Friday, October 5, 2012
The privatization of "religion"?
I find the following two recent statements by the estimable Cardinal Dolan impossible to reconcile.
Statement 1, the more recent statement, is this:
"I am worried that we may be reducing religious freedom to a kind of privacy right to recreational activities, reducing the practice of religion to a Sabbath hobby, instead of a force that should guide our public actions, as Michelle Obama recently noted, Monday through Friday." The context is here.
Statement 2, the somewhat earlier statement, is as follows:
"That’s all it’s really about: religious freedom.
It’s not about access to contraception, as much as our local newspaper—surprise!—insists it is. The Church is hardly trying to impose its views on society, but rather resisting the government’s attempt to force its view on us.
Vast and unfettered access to chemical contraceptives and abortifacients—all easier to get, they tell me, than beer and cigarettes—will continue. If you think it’s still not enough, then subsidize them if you insist. Just don’t make us provide them and pay for them!" (emphasis added) The context is here.

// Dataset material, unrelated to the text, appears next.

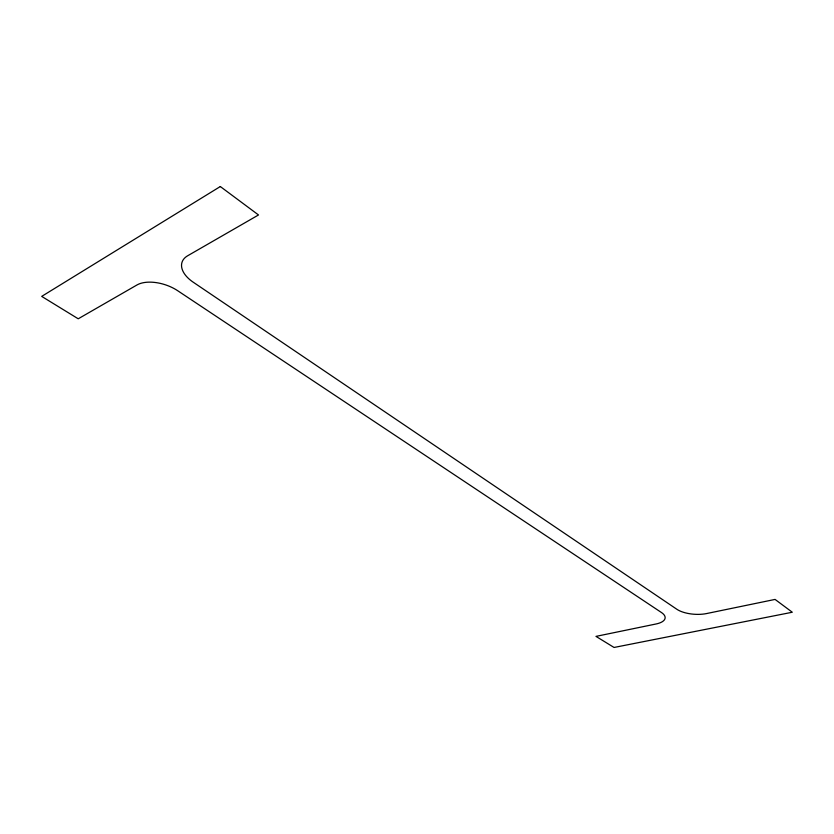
<?xml version="1.0" encoding="UTF-8"?>
<svg xmlns="http://www.w3.org/2000/svg" width="834" height="834" viewBox="0 0 834 834"><rect width="100%" height="100%" fill="white"/><g stroke="black" fill="none" stroke-linecap="round" stroke-linejoin="round"><path stroke-width="1.25" d="M220.312 186.535L41.7 296.393L78.229 318.796L136.995 284.957A29.795 15.94 18.3 0 1 177.694 290.722L661.456 612.521A20.996 8.496 5.1 0 1 656.087 623.978L595.987 636.384L614.053 647.465L792.3 612.239L775.067 599.417L706.554 613.563A21.736 8.955 4 0 1 676.833 609.258L193.165 282.163A30.795 17.42 17.9 0 1 187.671 255.767L258.509 214.963L220.312 186.535"/></g></svg>

Statement 2 sure sounds like a plea to privatize the Catholic religion. The alternative would be for the Church to teach, as a "force . . . that guide[s] our public actions," that no one should engage in conduct that violates the moral law. When, instead, the claim is that what it's "all . . . about" is "religious freedom" and nothing more, the Church ceases to be a force that guides our public actions. It's not just about "religious freedom," however. It's also and fundamentally about the Church's divine mission to correct and transform society.